How did you manage to get it modified to fit?.
What bhp you running and is the car mapped?.

Cheers


----------



## turbo87 (Aug 3, 2009)

muxgt said:


> turbo87 said:
> 
> 
> > Im running a IHI VF22 which comes on the Subaru Impreza type 22b, Yes there is lag but my rpm has been increased to 7500rpm. The increased rpm makes up for that lag which isnt noticable.
> ...


Jabbasport kit fitted and mapped by them, 330bhp and it pulls like a train! I had it running on stock rods but uprated them couple of months agot and went for a gas flowed cylinder head with a map to suit the new mods.


----------



## muxgt (Apr 12, 2010)

turbo87 said:


> muxgt said:
> 
> 
> > turbo87 said:
> ...


Sound like my kind of power 

But what's the cost Inc thanks


----------



## TTCool (Feb 7, 2005)

Danny1 said:


> TTCool said:
> 
> 
> > Danny1 said:
> ...


Good point! The difference is that the turbo will not be standard, as in the reports of 285 bhp, so more likely to be around a true 300bhp, and there are RRs and RRs. I know people who will not get involved in kidology. I think it's quite easy to tell whether a car is quicker than it was, so the actual bhp figure is arbitrary, really. Let's not forget torque is very important. It's perhaps not wise to get into bhp quotes  I'm expecting to have to raise my game by about 200rpm in the lag department, so not like the big turbo where 800 rpm is more likely. In other words the sweet spot for 'instant' launch will come in at slightly higher revs but not excessively so.

Joe


----------



## TTCool (Feb 7, 2005)

turbo87 said:


> TTCool said:
> 
> 
> > Thanks guys. All taken on board. There's always a lot of different reports when a change of turbo enters the arena. I still can't help thinking that a big turbo conversion is the greater of two evils!! It used to be said "Buy a car that does what you want it to do, out of the box" but we rarely do :roll:
> ...


That's an interesting analogy...a big turbo not working to it's full capacity but giving what I'm after. Have I got that right? So far as cost is concerned I'm more interested in reliabilty and not spoiling the car, than acquiring a more powerful but wayward machine.

Joe


----------



## TTCool (Feb 7, 2005)

Crikey! Is that the time?

Happy days and good night!

Joe


----------



## jamman (May 6, 2002)

Come on Joe where are you it's still early.....


----------



## elrao (Apr 19, 2005)

As someone mentioned, Mark (conlechi) went the hybrid route. His is the only one I know of...I think he might have scraped 300 finally but am fairly sure he ended up needing a new manifold and downpipe (ceramic coated) to get there. If you are going to change the manifold then why stick to a hybrid?
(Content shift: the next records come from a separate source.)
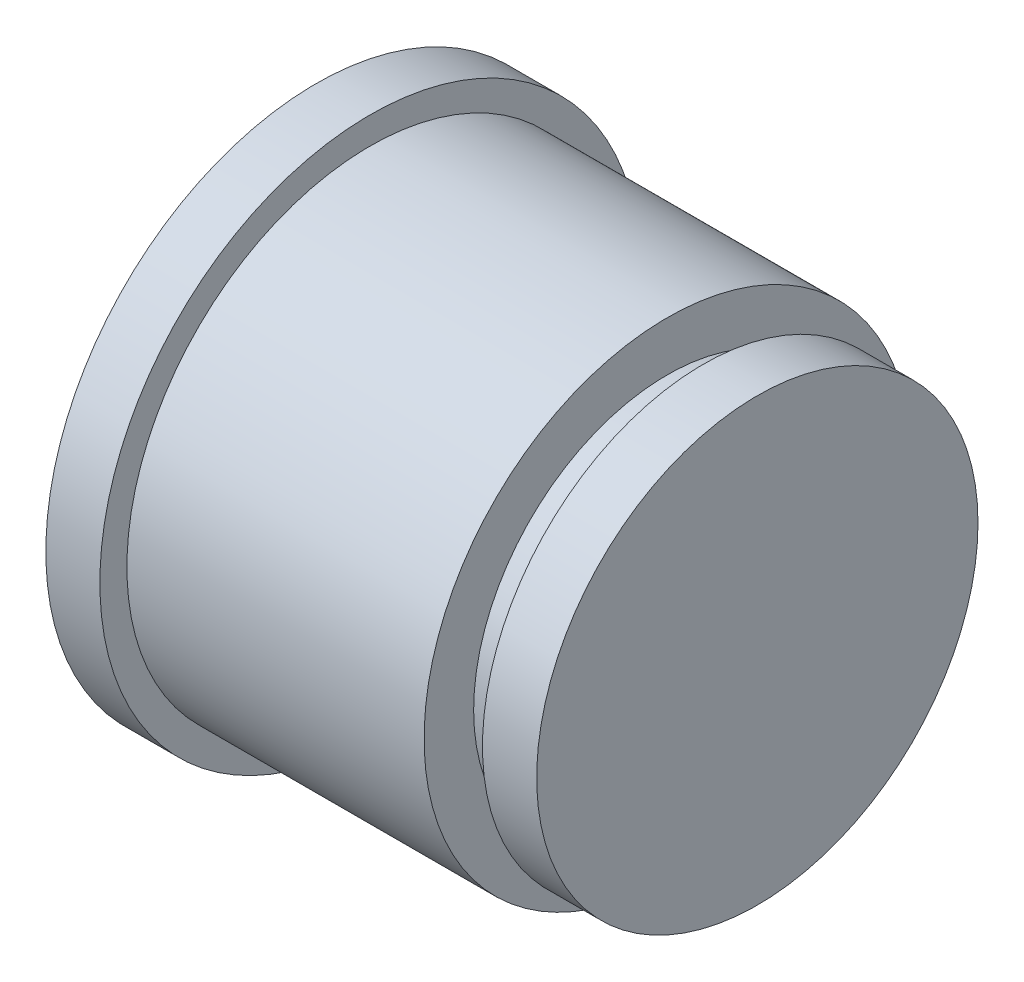
ISO-10303-21;
HEADER;
FILE_DESCRIPTION(('STEP AP214'),'2;1');
FILE_NAME('part.step','',(''),(''),'','','');
FILE_SCHEMA(('AUTOMOTIVE_DESIGN { 1 0 10303 214 1 1 1 1 }'));
ENDSEC;
DATA;
#1=APPLICATION_CONTEXT('core data for automotive mechanical design processes');
#2=APPLICATION_PROTOCOL_DEFINITION('international standard','automotive_design',2000,#1);
#3=PRODUCT_CONTEXT('',#1,'mechanical');
#4=PRODUCT('Part','Part','',(#3));
#5=PRODUCT_RELATED_PRODUCT_CATEGORY('part','',(#4));
#6=PRODUCT_DEFINITION_FORMATION('','',#4);
#7=PRODUCT_DEFINITION_CONTEXT('part definition',#1,'design');
#8=PRODUCT_DEFINITION('design','',#6,#7);
#9=PRODUCT_DEFINITION_SHAPE('','',#8);
#10=(LENGTH_UNIT() NAMED_UNIT(*) SI_UNIT(.MILLI.,.METRE.));
#11=(NAMED_UNIT(*) PLANE_ANGLE_UNIT() SI_UNIT($,.RADIAN.));
#12=(NAMED_UNIT(*) SI_UNIT($,.STERADIAN.) SOLID_ANGLE_UNIT());
#13=UNCERTAINTY_MEASURE_WITH_UNIT(LENGTH_MEASURE(1.E-05),#10,'distance_accuracy_value','');
#14=(GEOMETRIC_REPRESENTATION_CONTEXT(3) GLOBAL_UNCERTAINTY_ASSIGNED_CONTEXT((#13)) GLOBAL_UNIT_ASSIGNED_CONTEXT((#10,
#11,#12)) REPRESENTATION_CONTEXT('',''));
#15=CARTESIAN_POINT('',(0.,0.,0.));
#16=DIRECTION('',(0.,0.,1.));
#17=DIRECTION('',(1.,0.,0.));
#18=AXIS2_PLACEMENT_3D('',#15,#16,#17);
#19=CARTESIAN_POINT('',(39.,0.,0.));
#20=DIRECTION('',(1.,0.,0.));
#21=DIRECTION('',(0.,0.,-1.));
#22=AXIS2_PLACEMENT_3D('',#19,#20,#21);
#23=PLANE('',#22);
#24=CARTESIAN_POINT('',(39.,0.,0.));
#25=DIRECTION('',(1.,0.,0.));
#26=DIRECTION('',(0.,0.,-1.));
#27=AXIS2_PLACEMENT_3D('',#24,#25,#26);
#28=CIRCLE('',#27,27.);
#29=CARTESIAN_POINT('',(39.,0.,-27.));
#30=VERTEX_POINT('',#29);
#31=EDGE_CURVE('E49',#30,#30,#28,.T.);
#32=ORIENTED_EDGE('',*,*,#31,.T.);
#33=EDGE_LOOP('',(#32));
#34=FACE_BOUND('',#33,.T.);
#35=CARTESIAN_POINT('',(39.,0.,0.));
#36=DIRECTION('',(1.,0.,0.));
#37=DIRECTION('',(0.,0.,-1.));
#38=AXIS2_PLACEMENT_3D('',#35,#36,#37);
#39=CIRCLE('',#38,21.5);
#40=CARTESIAN_POINT('',(39.,0.,-21.5));
#41=VERTEX_POINT('',#40);
#42=EDGE_CURVE('E54',#41,#41,#39,.T.);
#43=ORIENTED_EDGE('',*,*,#42,.F.);
#44=EDGE_LOOP('',(#43));
#45=FACE_BOUND('',#44,.T.);
#46=ADVANCED_FACE('F30',(#34,#45),#23,.T.);
#47=CARTESIAN_POINT('',(6.,0.,0.));
#48=DIRECTION('',(1.,0.,0.));
#49=DIRECTION('',(0.,0.,-1.));
#50=AXIS2_PLACEMENT_3D('',#47,#48,#49);
#51=PLANE('',#50);
#52=CARTESIAN_POINT('',(6.,0.,0.));
#53=DIRECTION('',(1.,0.,0.));
#54=DIRECTION('',(0.,0.,-1.));
#55=AXIS2_PLACEMENT_3D('',#52,#53,#54);
#56=CIRCLE('',#55,30.);
#57=CARTESIAN_POINT('',(6.,0.,-30.));
#58=VERTEX_POINT('',#57);
#59=EDGE_CURVE('E41',#58,#58,#56,.T.);
#60=ORIENTED_EDGE('',*,*,#59,.T.);
#61=EDGE_LOOP('',(#60));
#62=FACE_BOUND('',#61,.T.);
#63=CARTESIAN_POINT('',(6.,0.,0.));
#64=DIRECTION('',(1.,0.,0.));
#65=DIRECTION('',(0.,0.,-1.));
#66=AXIS2_PLACEMENT_3D('',#63,#64,#65);
#67=CIRCLE('',#66,27.);
#68=CARTESIAN_POINT('',(6.,0.,-27.));
#69=VERTEX_POINT('',#68);
#70=EDGE_CURVE('E51',#69,#69,#67,.T.);
#71=ORIENTED_EDGE('',*,*,#70,.F.);
#72=EDGE_LOOP('',(#71));
#73=FACE_BOUND('',#72,.T.);
#74=ADVANCED_FACE('F77',(#62,#73),#51,.T.);
#75=CARTESIAN_POINT('',(6.,0.,0.));
#76=DIRECTION('',(-1.,0.,0.));
#77=DIRECTION('',(0.,0.,1.));
#78=AXIS2_PLACEMENT_3D('',#75,#76,#77);
#79=CYLINDRICAL_SURFACE('',#78,30.);
#80=ORIENTED_EDGE('',*,*,#59,.F.);
#81=EDGE_LOOP('',(#80));
#82=FACE_BOUND('',#81,.T.);
#83=CARTESIAN_POINT('',(0.,0.,0.));
#84=DIRECTION('',(1.,0.,0.));
#85=DIRECTION('',(0.,0.,-1.));
#86=AXIS2_PLACEMENT_3D('',#83,#84,#85);
#87=CIRCLE('',#86,30.);
#88=CARTESIAN_POINT('',(0.,0.,-30.));
#89=VERTEX_POINT('',#88);
#90=EDGE_CURVE('E45',#89,#89,#87,.T.);
#91=ORIENTED_EDGE('',*,*,#90,.T.);
#92=EDGE_LOOP('',(#91));
#93=FACE_BOUND('',#92,.T.);
#94=ADVANCED_FACE('F83',(#82,#93),#79,.T.);
#95=CARTESIAN_POINT('',(0.,0.,0.));
#96=DIRECTION('',(1.,0.,0.));
#97=DIRECTION('',(0.,0.,-1.));
#98=AXIS2_PLACEMENT_3D('',#95,#96,#97);
#99=PLANE('',#98);
#100=ORIENTED_EDGE('',*,*,#90,.F.);
#101=EDGE_LOOP('',(#100));
#102=FACE_BOUND('',#101,.T.);
#103=ADVANCED_FACE('F89',(#102),#99,.F.);
#104=CARTESIAN_POINT('',(39.,0.,0.));
#105=DIRECTION('',(-1.,0.,0.));
#106=DIRECTION('',(0.,0.,1.));
#107=AXIS2_PLACEMENT_3D('',#104,#105,#106);
#108=CYLINDRICAL_SURFACE('',#107,27.);
#109=ORIENTED_EDGE('',*,*,#31,.F.);
#110=EDGE_LOOP('',(#109));
#111=FACE_BOUND('',#110,.T.);
#112=ORIENTED_EDGE('',*,*,#70,.T.);
#113=EDGE_LOOP('',(#112));
#114=FACE_BOUND('',#113,.T.);
#115=ADVANCED_FACE('F74',(#111,#114),#108,.T.);
#116=CARTESIAN_POINT('',(43.,0.,0.));
#117=DIRECTION('',(-1.,0.,0.));
#118=DIRECTION('',(0.,0.,1.));
#119=AXIS2_PLACEMENT_3D('',#116,#117,#118);
#120=CYLINDRICAL_SURFACE('',#119,21.5);
#121=CARTESIAN_POINT('',(42.45,0.,0.));
#122=DIRECTION('',(1.,0.,0.));
#123=DIRECTION('',(0.,0.,-1.));
#124=AXIS2_PLACEMENT_3D('',#121,#122,#123);
#125=CIRCLE('',#124,21.5);
#126=CARTESIAN_POINT('',(42.45,0.,-21.5));
#127=VERTEX_POINT('',#126);
#128=EDGE_CURVE('E37',#127,#127,#125,.F.);
#129=ORIENTED_EDGE('',*,*,#128,.T.);
#130=EDGE_LOOP('',(#129));
#131=FACE_BOUND('',#130,.T.);
#132=ORIENTED_EDGE('',*,*,#42,.T.);
#133=EDGE_LOOP('',(#132));
#134=FACE_BOUND('',#133,.T.);
#135=ADVANCED_FACE('F67',(#131,#134),#120,.T.);
#136=CARTESIAN_POINT('',(49.,0.,0.));
#137=DIRECTION('',(-1.,0.,0.));
#138=DIRECTION('',(0.,0.,1.));
#139=AXIS2_PLACEMENT_3D('',#136,#137,#138);
#140=CYLINDRICAL_SURFACE('',#139,24.5);
#141=CARTESIAN_POINT('',(42.9789809421254,0.,0.));
#142=DIRECTION('',(1.,0.,0.));
#143=DIRECTION('',(0.,0.,-1.));
#144=AXIS2_PLACEMENT_3D('',#141,#142,#143);
#145=CIRCLE('',#144,24.5);
#146=CARTESIAN_POINT('',(42.9789809421254,0.,-24.5));
#147=VERTEX_POINT('',#146);
#148=EDGE_CURVE('E10',#147,#147,#145,.T.);
#149=ORIENTED_EDGE('',*,*,#148,.T.);
#150=EDGE_LOOP('',(#149));
#151=FACE_BOUND('',#150,.T.);
#152=CARTESIAN_POINT('',(49.,0.,0.));
#153=DIRECTION('',(1.,0.,0.));
#154=DIRECTION('',(0.,0.,-1.));
#155=AXIS2_PLACEMENT_3D('',#152,#153,#154);
#156=CIRCLE('',#155,24.5);
#157=CARTESIAN_POINT('',(49.,0.,-24.5));
#158=VERTEX_POINT('',#157);
#159=EDGE_CURVE('E59',#158,#158,#156,.T.);
#160=ORIENTED_EDGE('',*,*,#159,.F.);
#161=EDGE_LOOP('',(#160));
#162=FACE_BOUND('',#161,.T.);
#163=ADVANCED_FACE('F65',(#151,#162),#140,.T.);
#164=CARTESIAN_POINT('',(49.,0.,0.));
#165=DIRECTION('',(1.,0.,0.));
#166=DIRECTION('',(0.,0.,-1.));
#167=AXIS2_PLACEMENT_3D('',#164,#165,#166);
#168=PLANE('',#167);
#169=ORIENTED_EDGE('',*,*,#159,.T.);
#170=EDGE_LOOP('',(#169));
#171=FACE_BOUND('',#170,.T.);
#172=ADVANCED_FACE('F63',(#171),#168,.T.);
#173=CARTESIAN_POINT('',(43.,0.,0.));
#174=DIRECTION('',(1.,0.,0.));
#175=DIRECTION('',(0.,0.,-1.));
#176=AXIS2_PLACEMENT_3D('',#173,#174,#175);
#177=CONICAL_SURFACE('',#176,24.6192050007899,1.39626340159547);
#178=ORIENTED_EDGE('',*,*,#128,.F.);
#179=EDGE_LOOP('',(#178));
#180=FACE_BOUND('',#179,.T.);
#181=ORIENTED_EDGE('',*,*,#148,.F.);
#182=EDGE_LOOP('',(#181));
#183=FACE_BOUND('',#182,.T.);
#184=ADVANCED_FACE('F32',(#180,#183),#177,.T.);
#185=CLOSED_SHELL('',(#46,#74,#94,#103,#115,#135,#163,#172,#184));
#186=MANIFOLD_SOLID_BREP('B2',#185);
#187=ADVANCED_BREP_SHAPE_REPRESENTATION('',(#18,#186),#14);
#188=SHAPE_DEFINITION_REPRESENTATION(#9,#187);
ENDSEC;
END-ISO-10303-21;
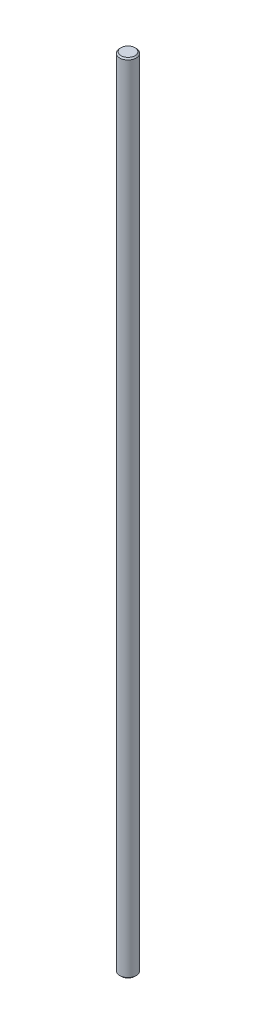
ISO-10303-21;
HEADER;
FILE_DESCRIPTION(('STEP AP214'),'2;1');
FILE_NAME('part.step','',(''),(''),'','','');
FILE_SCHEMA(('AUTOMOTIVE_DESIGN { 1 0 10303 214 1 1 1 1 }'));
ENDSEC;
DATA;
#1=APPLICATION_CONTEXT('core data for automotive mechanical design processes');
#2=APPLICATION_PROTOCOL_DEFINITION('international standard','automotive_design',2000,#1);
#3=PRODUCT_CONTEXT('',#1,'mechanical');
#4=PRODUCT('Part','Part','',(#3));
#5=PRODUCT_RELATED_PRODUCT_CATEGORY('part','',(#4));
#6=PRODUCT_DEFINITION_FORMATION('','',#4);
#7=PRODUCT_DEFINITION_CONTEXT('part definition',#1,'design');
#8=PRODUCT_DEFINITION('design','',#6,#7);
#9=PRODUCT_DEFINITION_SHAPE('','',#8);
#10=(LENGTH_UNIT() NAMED_UNIT(*) SI_UNIT(.MILLI.,.METRE.));
#11=(NAMED_UNIT(*) PLANE_ANGLE_UNIT() SI_UNIT($,.RADIAN.));
#12=(NAMED_UNIT(*) SI_UNIT($,.STERADIAN.) SOLID_ANGLE_UNIT());
#13=UNCERTAINTY_MEASURE_WITH_UNIT(LENGTH_MEASURE(1.E-05),#10,'distance_accuracy_value','');
#14=(GEOMETRIC_REPRESENTATION_CONTEXT(3) GLOBAL_UNCERTAINTY_ASSIGNED_CONTEXT((#13)) GLOBAL_UNIT_ASSIGNED_CONTEXT((#10,
#11,#12)) REPRESENTATION_CONTEXT('',''));
#15=CARTESIAN_POINT('',(0.,0.,0.));
#16=DIRECTION('',(0.,0.,1.));
#17=DIRECTION('',(1.,0.,0.));
#18=AXIS2_PLACEMENT_3D('',#15,#16,#17);
#19=CARTESIAN_POINT('',(-2.84217017566743E-11,0.508000000000286,0.));
#20=DIRECTION('',(0.,1.,0.));
#21=DIRECTION('',(-1.,0.,0.));
#22=AXIS2_PLACEMENT_3D('',#19,#20,#21);
#23=CONICAL_SURFACE('',#22,3.17118999993615,0.785398163397448);
#24=CARTESIAN_POINT('',(-2.84217017566743E-11,2.84217017566743E-11,0.));
#25=DIRECTION('',(0.,1.,0.));
#26=DIRECTION('',(-1.,0.,0.));
#27=AXIS2_PLACEMENT_3D('',#24,#25,#26);
#28=CIRCLE('',#27,2.66318999996429);
#29=CARTESIAN_POINT('',(-2.66318999999271,2.84217017566743E-11,0.));
#30=VERTEX_POINT('',#29);
#31=EDGE_CURVE('E45',#30,#30,#28,.T.);
#32=ORIENTED_EDGE('',*,*,#31,.T.);
#33=EDGE_LOOP('',(#32));
#34=FACE_BOUND('',#33,.T.);
#35=CARTESIAN_POINT('',(-2.84217017566743E-11,0.508000000000286,0.));
#36=DIRECTION('',(0.,1.,0.));
#37=DIRECTION('',(-1.,0.,0.));
#38=AXIS2_PLACEMENT_3D('',#35,#36,#37);
#39=CIRCLE('',#38,3.17118999993615);
#40=CARTESIAN_POINT('',(-3.17118999996457,0.508000000000286,0.));
#41=VERTEX_POINT('',#40);
#42=EDGE_CURVE('E10',#41,#41,#39,.T.);
#43=ORIENTED_EDGE('',*,*,#42,.F.);
#44=EDGE_LOOP('',(#43));
#45=FACE_BOUND('',#44,.T.);
#46=ADVANCED_FACE('F31',(#34,#45),#23,.T.);
#47=CARTESIAN_POINT('',(-2.84217017566743E-11,2.84217017566743E-11,0.));
#48=DIRECTION('',(0.,1.,0.));
#49=DIRECTION('',(-1.,0.,0.));
#50=AXIS2_PLACEMENT_3D('',#47,#48,#49);
#51=CYLINDRICAL_SURFACE('',#50,3.17118999993617);
#52=ORIENTED_EDGE('',*,*,#42,.T.);
#53=EDGE_LOOP('',(#52));
#54=FACE_BOUND('',#53,.T.);
#55=CARTESIAN_POINT('',(-2.84217017566743E-11,304.292,0.));
#56=DIRECTION('',(0.,1.,0.));
#57=DIRECTION('',(-1.,0.,0.));
#58=AXIS2_PLACEMENT_3D('',#55,#56,#57);
#59=CIRCLE('',#58,3.17118999993619);
#60=CARTESIAN_POINT('',(-3.17118999996461,304.292,0.));
#61=VERTEX_POINT('',#60);
#62=EDGE_CURVE('E37',#61,#61,#59,.T.);
#63=ORIENTED_EDGE('',*,*,#62,.F.);
#64=EDGE_LOOP('',(#63));
#65=FACE_BOUND('',#64,.T.);
#66=ADVANCED_FACE('F64',(#54,#65),#51,.T.);
#67=CARTESIAN_POINT('',(-2.84217017566743E-11,304.8,0.));
#68=DIRECTION('',(0.,-1.,0.));
#69=DIRECTION('',(1.,0.,0.));
#70=AXIS2_PLACEMENT_3D('',#67,#68,#69);
#71=CONICAL_SURFACE('',#70,2.66318999993617,0.785398163397462);
#72=ORIENTED_EDGE('',*,*,#62,.T.);
#73=EDGE_LOOP('',(#72));
#74=FACE_BOUND('',#73,.T.);
#75=CARTESIAN_POINT('',(-2.84217017566743E-11,304.8,0.));
#76=DIRECTION('',(0.,1.,0.));
#77=DIRECTION('',(-1.,0.,0.));
#78=AXIS2_PLACEMENT_3D('',#75,#76,#77);
#79=CIRCLE('',#78,2.66318999993617);
#80=CARTESIAN_POINT('',(-2.66318999996459,304.8,0.));
#81=VERTEX_POINT('',#80);
#82=EDGE_CURVE('E41',#81,#81,#79,.T.);
#83=ORIENTED_EDGE('',*,*,#82,.F.);
#84=EDGE_LOOP('',(#83));
#85=FACE_BOUND('',#84,.T.);
#86=ADVANCED_FACE('F60',(#74,#85),#71,.T.);
#87=CARTESIAN_POINT('',(-2.84217017566743E-11,304.8,0.));
#88=DIRECTION('',(0.,1.,0.));
#89=DIRECTION('',(-1.,0.,0.));
#90=AXIS2_PLACEMENT_3D('',#87,#88,#89);
#91=PLANE('',#90);
#92=ORIENTED_EDGE('',*,*,#82,.T.);
#93=EDGE_LOOP('',(#92));
#94=FACE_BOUND('',#93,.T.);
#95=ADVANCED_FACE('F55',(#94),#91,.T.);
#96=CARTESIAN_POINT('',(2.66318999993587,2.84217017566743E-11,0.));
#97=DIRECTION('',(0.,-1.,0.));
#98=DIRECTION('',(1.,0.,0.));
#99=AXIS2_PLACEMENT_3D('',#96,#97,#98);
#100=PLANE('',#99);
#101=ORIENTED_EDGE('',*,*,#31,.F.);
#102=EDGE_LOOP('',(#101));
#103=FACE_BOUND('',#102,.T.);
#104=ADVANCED_FACE('F53',(#103),#100,.T.);
#105=CLOSED_SHELL('',(#46,#66,#86,#95,#104));
#106=MANIFOLD_SOLID_BREP('B2',#105);
#107=ADVANCED_BREP_SHAPE_REPRESENTATION('',(#18,#106),#14);
#108=SHAPE_DEFINITION_REPRESENTATION(#9,#107);
ENDSEC;
END-ISO-10303-21;

As has also been said there are lots of kits out there that will give a safe 300-325 on stock internals if you have a smooth map. Although I have seen people bragging about 360 ft/lbs of torque from a remapped K04. You look at the torque curve and it is a spike, very aggressive and asking for damage to the internals. My big turbo conversion peaks just over 340 ft/lbs, but it is a fairly wide curve and the car boosts past 7k rpm to make 388 bhp. I have forged rods and race bearings, but what I think was my best decision was uprated valves. You don't want to be running too high rpms with a stock head!


----------



## TTCool (Feb 7, 2005)

I've been referring to a company called Turbo Technics in this thread when I meant to say Turbo Dynamics!!

Joe


----------



## Wallsendmag (Feb 12, 2004)

Save yourself a lot of hassle Joe buy Redscouse s Rs and jump to 400

Sent from my Nokia 5146
using Tapatalk


----------



## TTCool (Feb 7, 2005)

wallsendmag said:


> Save yourself a lot of hassle Joe buy Redscouse s Rs and jump to 400
> 
> Sent from my Nokia 5146
> using Tapatalk












Joe


----------



## FinTTq (Sep 23, 2010)

I recently had a K04 hybrid turbo fitted, which was fabricated from the standard K04 turbo in a specialized turbo workshop here in Finland. I decided to go for the K04 hybrid option as it only costed me around 400euros (350 pounds) more than the standard as my old turbo broke. I also upgraded to a pipewerx 3" downpipe and larger injectors. Currently my car is being remapped and I'll have results by next week. I've been looking for a high flow manifold to go with this but haven't found a reliable one yet, does anyone know about the gains achieved if I add that to my setup?


----------



## TTCool (Feb 7, 2005)

FinTTq said:


> I recently had a K04 hybrid turbo fitted, which was fabricated from the standard K04 turbo in a specialized turbo workshop here in Finland. I decided to go for the K04 hybrid option as it only costed me around 400euros (350 pounds) more than the standard as my old turbo broke. I also upgraded to a pipewerx 3" downpipe and larger injectors. Currently my car is being remapped and I'll have results by next week. I've been looking for a high flow manifold to go with this but haven't found a reliable one yet, does anyone know about the gains achieved if I add that to my setup?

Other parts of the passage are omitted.